There are signs that China’s  commitment to the initiative is dropping and this is likely to continue as the Chinese economy faces challenges. Beijing will be forced to prioritise certain regions or countries in dispensing belt and road investments. In this, the Indo-Pacific is emerging as a strategic arena. Both the US and China will compete for closer relations with states in the region as the geopolitical competition continues.


One significant aspect of China’s pitch is its economic might. China will seek to highlight its trade and the benefits of its Belt and Road Initiative in helping development.


Given these conditions, examining China’s most significant infrastructure projects in the region more closely is vital. Two recent notable projects are the  China-Laos railway and  Jakarta-Bandung high-speed railway.


Laos and China created the Lao-China Railway Company to build and finance the railway.


This joint venture is held 70:30 between three Chinese state-owned enterprises and one Laotian state-owned company. The project’s total cost is US$5.9 billion, financed in a 60:40 debt-to-equity ratio, which translates to US$3.54 billion of debt – which has been secured from the Export-Import Bank of China – and US$2.36 billion of equity.


The aim? To construct 672km of railway between Vientiane, the Laotian capital, and Kunming, in China’s Yunnan province.


This railway is critical to facilitating bilateral trade. Trade between Laos and China has been growing and between November 2022 and November 2023, China’s exports to Laos increased by US$145 million while imports rose by US$35.7 million. Commodities (US$27.7 million) and computers (US$12 million) dominated the increase in China’s exports to Laos.


But not all have benefited from the railroad construction. Over 4,000 homes had to make way for construction, and the compensation was reportedly insufficient to make up for the loss of agricultural income.

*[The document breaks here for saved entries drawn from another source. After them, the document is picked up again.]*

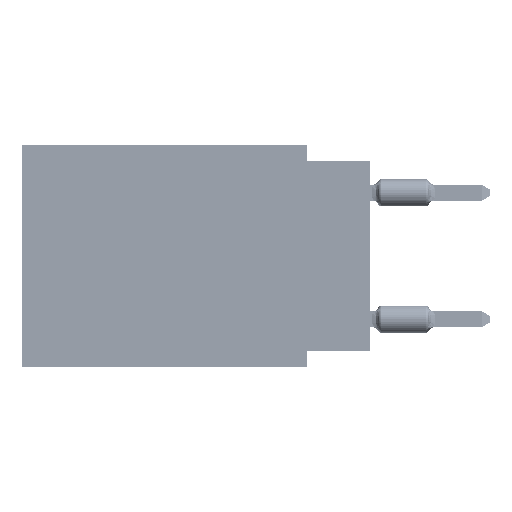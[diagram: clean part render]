
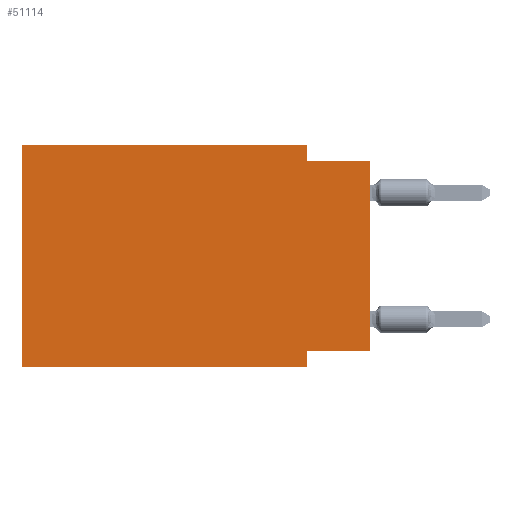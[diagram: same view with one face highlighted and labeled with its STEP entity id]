
A CAD part, left-side view. The second image highlights one B-rep face of the part: STEP entity #51114.
In plain terms, the highlighted planar face has unit normal (-1, 0, 0).
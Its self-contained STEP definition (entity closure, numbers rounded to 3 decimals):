
#56 = DIRECTION ( 'NONE',  ( 0., 0., -1. ) ) ;
#209 = VECTOR ( 'NONE', #56, 1000. ) ;
#1550 = CARTESIAN_POINT ( 'NONE',  ( 0., 13.97, -8.89 ) ) ;
#2621 = CARTESIAN_POINT ( 'NONE',  ( 0., 2.54, -8.89 ) ) ;
#4136 = DIRECTION ( 'NONE',  ( 0., -1., 0. ) ) ;
#4161 = CARTESIAN_POINT ( 'NONE',  ( 0., 0., -0.635 ) ) ;
#5075 = EDGE_CURVE ( 'NONE', #14818, #44073, #49707, .T. ) ;
#7920 = EDGE_CURVE ( 'NONE', #21042, #14818, #29587, .T. ) ;
#8960 = DIRECTION ( 'NONE',  ( 1., 0., 0. ) ) ;
#10654 = ORIENTED_EDGE ( 'NONE', *, *, #5075, .F. ) ;
#10716 = LINE ( 'NONE', #28811, #54625 ) ;
#11640 = VECTOR ( 'NONE', #19878, 1000. ) ;
#12275 = VERTEX_POINT ( 'NONE', #22802 ) ;
#14305 = CARTESIAN_POINT ( 'NONE',  ( 0., 2.54, -8.89 ) ) ;
#14323 = CARTESIAN_POINT ( 'NONE',  ( 0., 0., -8.255 ) ) ;
#14818 = VERTEX_POINT ( 'NONE', #31517 ) ;
#15420 = LINE ( 'NONE', #42425, #11640 ) ;
#18954 = CARTESIAN_POINT ( 'NONE',  ( 0., 2.54, 0. ) ) ;
#19878 = DIRECTION ( 'NONE',  ( 0., 0., 1. ) ) ;
#20418 = DIRECTION ( 'NONE',  ( 0., 0., 1. ) ) ;
#20724 = EDGE_CURVE ( 'NONE', #21042, #50089, #52293, .T. ) ;
#21042 = VERTEX_POINT ( 'NONE', #1550 ) ;
#22802 = CARTESIAN_POINT ( 'NONE',  ( 0., 0., -8.255 ) ) ;
#24258 = CARTESIAN_POINT ( 'NONE',  ( 0., 13.97, 0. ) ) ;
#24824 = ORIENTED_EDGE ( 'NONE', *, *, #20724, .T. ) ;
#24940 = CARTESIAN_POINT ( 'NONE',  ( 0., 2.54, -8.255 ) ) ;
#26979 = EDGE_CURVE ( 'NONE', #36129, #50089, #41302, .T. ) ;
#27397 = DIRECTION ( 'NONE',  ( 0., 1., 0. ) ) ;
#28024 = ORIENTED_EDGE ( 'NONE', *, *, #44999, .F. ) ;
#28811 = CARTESIAN_POINT ( 'NONE',  ( 0., 0., -0.635 ) ) ;
#29587 = LINE ( 'NONE', #24258, #50580 ) ;
#31517 = CARTESIAN_POINT ( 'NONE',  ( 0., 13.97, 0. ) ) ;
#32238 = VECTOR ( 'NONE', #57637, 1000. ) ;
#32998 = DIRECTION ( 'NONE',  ( 0., 0., -1. ) ) ;
#33781 = ORIENTED_EDGE ( 'NONE', *, *, #7920, .F. ) ;
#34094 = EDGE_CURVE ( 'NONE', #12275, #36129, #50790, .T. ) ;
#35083 = DIRECTION ( 'NONE',  ( 0., 0., -1. ) ) ;
#35952 = FACE_OUTER_BOUND ( 'NONE', #54237, .T. ) ;
#36129 = VERTEX_POINT ( 'NONE', #24940 ) ;
#37292 = EDGE_CURVE ( 'NONE', #48656, #46500, #10716, .T. ) ;
#38210 = VECTOR ( 'NONE', #58319, 1000. ) ;
#39280 = CARTESIAN_POINT ( 'NONE',  ( 0., 13.97, -8.89 ) ) ;
#41302 = LINE ( 'NONE', #14305, #42478 ) ;
#41887 = VECTOR ( 'NONE', #27397, 1000. ) ;
#42425 = CARTESIAN_POINT ( 'NONE',  ( 0., 0., 0. ) ) ;
#42478 = VECTOR ( 'NONE', #32998, 1000. ) ;
#44073 = VERTEX_POINT ( 'NONE', #18954 ) ;
#44507 = ORIENTED_EDGE ( 'NONE', *, *, #37292, .F. ) ;
#44999 = EDGE_CURVE ( 'NONE', #44073, #48656, #49578, .T. ) ;
#45135 = PLANE ( 'NONE',  #57345 ) ;
#45441 = ORIENTED_EDGE ( 'NONE', *, *, #48000, .T. ) ;
#46500 = VERTEX_POINT ( 'NONE', #4161 ) ;
#48000 = EDGE_CURVE ( 'NONE', #12275, #46500, #15420, .T. ) ;
#48656 = VERTEX_POINT ( 'NONE', #49193 ) ;
#49131 = CARTESIAN_POINT ( 'NONE',  ( 0., 13.97, 0. ) ) ;
#49193 = CARTESIAN_POINT ( 'NONE',  ( 0., 2.54, -0.635 ) ) ;
#49578 = LINE ( 'NONE', #55178, #209 ) ;
#49707 = LINE ( 'NONE', #49131, #38210 ) ;
#50089 = VERTEX_POINT ( 'NONE', #2621 ) ;
#50580 = VECTOR ( 'NONE', #20418, 1000. ) ;
#50790 = LINE ( 'NONE', #14323, #41887 ) ;
#51114 = ADVANCED_FACE ( 'NONE', ( #35952 ), #45135, .F. ) ;
#52293 = LINE ( 'NONE', #39280, #32238 ) ;
#52857 = CARTESIAN_POINT ( 'NONE',  ( 0., 13.97, 0. ) ) ;
#53606 = ORIENTED_EDGE ( 'NONE', *, *, #26979, .F. ) ;
#54237 = EDGE_LOOP ( 'NONE', ( #45441, #44507, #28024, #10654, #33781, #24824, #53606, #54446 ) ) ;
#54446 = ORIENTED_EDGE ( 'NONE', *, *, #34094, .F. ) ;
#54625 = VECTOR ( 'NONE', #4136, 1000. ) ;
#55178 = CARTESIAN_POINT ( 'NONE',  ( 0., 2.54, 0. ) ) ;
#57345 = AXIS2_PLACEMENT_3D ( 'NONE', #52857, #8960, #35083 ) ;
#57637 = DIRECTION ( 'NONE',  ( 0., -1., 0. ) ) ;
#58319 = DIRECTION ( 'NONE',  ( 0., -1., 0. ) ) ;
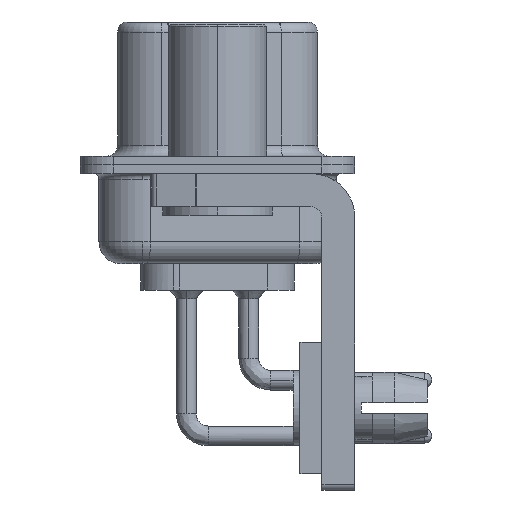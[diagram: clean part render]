
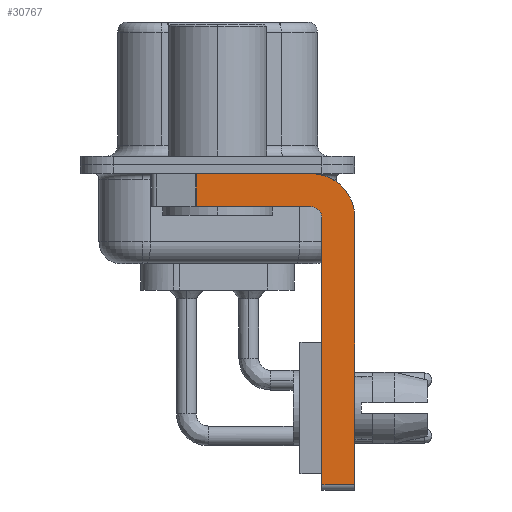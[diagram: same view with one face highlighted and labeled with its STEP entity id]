
A CAD part, left-side view. The second image highlights one B-rep face of the part: STEP entity #30767.
In plain terms, the highlighted planar face has unit normal (-1, 0, 0).
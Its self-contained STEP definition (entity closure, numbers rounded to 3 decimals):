
#689 = CARTESIAN_POINT ( 'NONE',  ( -2.9, -6.25, -14.55 ) ) ;
#1546 = LINE ( 'NONE', #34036, #23604 ) ;
#2609 = CARTESIAN_POINT ( 'NONE',  ( -2.9, -6.25, -2.4 ) ) ;
#2814 = DIRECTION ( 'NONE',  ( 0., -1., 0. ) ) ;
#3966 = EDGE_CURVE ( 'NONE', #12525, #11827, #15950, .T. ) ;
#4487 = CARTESIAN_POINT ( 'NONE',  ( -2.9, 0.978, -1.9 ) ) ;
#4595 = VECTOR ( 'NONE', #2814, 1000. ) ;
#6645 = CARTESIAN_POINT ( 'NONE',  ( -2.9, -4.75, -14.55 ) ) ;
#7294 = CARTESIAN_POINT ( 'NONE',  ( -2.9, -4.25, -1.9 ) ) ;
#7492 = AXIS2_PLACEMENT_3D ( 'NONE', #8580, #28465, #11437 ) ;
#7595 = EDGE_CURVE ( 'NONE', #11827, #31385, #11423, .T. ) ;
#8002 = ORIENTED_EDGE ( 'NONE', *, *, #17846, .F. ) ;
#8336 = EDGE_LOOP ( 'NONE', ( #25455, #9971, #23870, #18931, #13138, #23546, #8002, #18558 ) ) ;
#8580 = CARTESIAN_POINT ( 'NONE',  ( -2.9, -4.25, -2.4 ) ) ;
#9226 = LINE ( 'NONE', #30949, #15026 ) ;
#9971 = ORIENTED_EDGE ( 'NONE', *, *, #34414, .T. ) ;
#10193 = LINE ( 'NONE', #2609, #31062 ) ;
#10817 = PLANE ( 'NONE',  #31055 ) ;
#11423 = LINE ( 'NONE', #7294, #18124 ) ;
#11437 = DIRECTION ( 'NONE',  ( 0., 0., -1. ) ) ;
#11827 = VERTEX_POINT ( 'NONE', #36736 ) ;
#12525 = VERTEX_POINT ( 'NONE', #25769 ) ;
#13138 = ORIENTED_EDGE ( 'NONE', *, *, #22740, .F. ) ;
#13191 = LINE ( 'NONE', #31287, #4595 ) ;
#13274 = VECTOR ( 'NONE', #26453, 1000. ) ;
#13713 = DIRECTION ( 'NONE',  ( 0., 0., -1. ) ) ;
#15012 = CARTESIAN_POINT ( 'NONE',  ( -2.9, 3., -0.4 ) ) ;
#15026 = VECTOR ( 'NONE', #28238, 1000. ) ;
#15950 = CIRCLE ( 'NONE', #30556, 0.5 ) ;
#16974 = DIRECTION ( 'NONE',  ( 0., 0., -1. ) ) ;
#17103 = CARTESIAN_POINT ( 'NONE',  ( -2.9, 0.978, -0.4 ) ) ;
#17846 = EDGE_CURVE ( 'NONE', #27208, #31188, #10193, .T. ) ;
#18124 = VECTOR ( 'NONE', #21533, 1000. ) ;
#18558 = ORIENTED_EDGE ( 'NONE', *, *, #30894, .F. ) ;
#18931 = ORIENTED_EDGE ( 'NONE', *, *, #3966, .F. ) ;
#19644 = VERTEX_POINT ( 'NONE', #17103 ) ;
#19947 = DIRECTION ( 'NONE',  ( 0., 0., 1. ) ) ;
#20826 = LINE ( 'NONE', #15012, #13274 ) ;
#20978 = CARTESIAN_POINT ( 'NONE',  ( -2.9, -4.25, -0.4 ) ) ;
#21354 = FACE_OUTER_BOUND ( 'NONE', #8336, .T. ) ;
#21533 = DIRECTION ( 'NONE',  ( 0., 1., 0. ) ) ;
#22318 = DIRECTION ( 'NONE',  ( 0., 0., 1. ) ) ;
#22551 = DIRECTION ( 'NONE',  ( -1., 0., 0. ) ) ;
#22688 = CARTESIAN_POINT ( 'NONE',  ( -2.9, -4.25, -2.4 ) ) ;
#22740 = EDGE_CURVE ( 'NONE', #26326, #12525, #1546, .T. ) ;
#23546 = ORIENTED_EDGE ( 'NONE', *, *, #24969, .T. ) ;
#23604 = VECTOR ( 'NONE', #19947, 1000. ) ;
#23870 = ORIENTED_EDGE ( 'NONE', *, *, #7595, .F. ) ;
#24969 = EDGE_CURVE ( 'NONE', #26326, #31188, #13191, .T. ) ;
#25455 = ORIENTED_EDGE ( 'NONE', *, *, #33970, .F. ) ;
#25769 = CARTESIAN_POINT ( 'NONE',  ( -2.9, -4.75, -2.4 ) ) ;
#26326 = VERTEX_POINT ( 'NONE', #6645 ) ;
#26453 = DIRECTION ( 'NONE',  ( 0., -1., 0. ) ) ;
#27208 = VERTEX_POINT ( 'NONE', #32449 ) ;
#28238 = DIRECTION ( 'NONE',  ( 0., 0., -1. ) ) ;
#28465 = DIRECTION ( 'NONE',  ( 1., 0., 0. ) ) ;
#29906 = VERTEX_POINT ( 'NONE', #20978 ) ;
#30556 = AXIS2_PLACEMENT_3D ( 'NONE', #22688, #22551, #22318 ) ;
#30684 = DIRECTION ( 'NONE',  ( 1., 0., 0. ) ) ;
#30767 = ADVANCED_FACE ( 'NONE', ( #21354 ), #10817, .F. ) ;
#30894 = EDGE_CURVE ( 'NONE', #29906, #27208, #31955, .T. ) ;
#30949 = CARTESIAN_POINT ( 'NONE',  ( -2.9, 0.978, -1.9 ) ) ;
#31055 = AXIS2_PLACEMENT_3D ( 'NONE', #36212, #30684, #13713 ) ;
#31062 = VECTOR ( 'NONE', #16974, 1000. ) ;
#31188 = VERTEX_POINT ( 'NONE', #689 ) ;
#31287 = CARTESIAN_POINT ( 'NONE',  ( -2.9, -4.25, -14.55 ) ) ;
#31385 = VERTEX_POINT ( 'NONE', #4487 ) ;
#31955 = CIRCLE ( 'NONE', #7492, 2. ) ;
#32449 = CARTESIAN_POINT ( 'NONE',  ( -2.9, -6.25, -2.4 ) ) ;
#33970 = EDGE_CURVE ( 'NONE', #19644, #29906, #20826, .T. ) ;
#34036 = CARTESIAN_POINT ( 'NONE',  ( -2.9, -4.75, -14.8 ) ) ;
#34414 = EDGE_CURVE ( 'NONE', #19644, #31385, #9226, .T. ) ;
#36212 = CARTESIAN_POINT ( 'NONE',  ( -2.9, -4.25, -2.4 ) ) ;
#36736 = CARTESIAN_POINT ( 'NONE',  ( -2.9, -4.25, -1.9 ) ) ;

Moreover, the long-term environmental impact is not clear due to the inadequate environmental assessment. Specifically, water in the Houay Pamom Creek in the Vang Vieng district’s Phahom village has been polluted by the waste produced by the tunnel construction. As a villager told the local news back in 2020: “We can’t fish in the creek, and we can’t eat fish taken from the creek.”


As for the Jakarta-Bandung high-speed railway, on May 14, 2017, China Development Bank signed a nearly US$4 billion loan agreement with PT Kereta Cepat Indonesia China for the project. The loan consists of two parts. A US dollar-denominated portion worth over US$2.3 billion with a 40-year maturity, 10-year grace period, 2 per cent interest rate and no sovereign guarantee. The other is a yuan-denominated portion worth over US$1.5 billion with a 40-year maturity, a 10-year grace period, 3.46 per cent interest and no sovereign guarantee.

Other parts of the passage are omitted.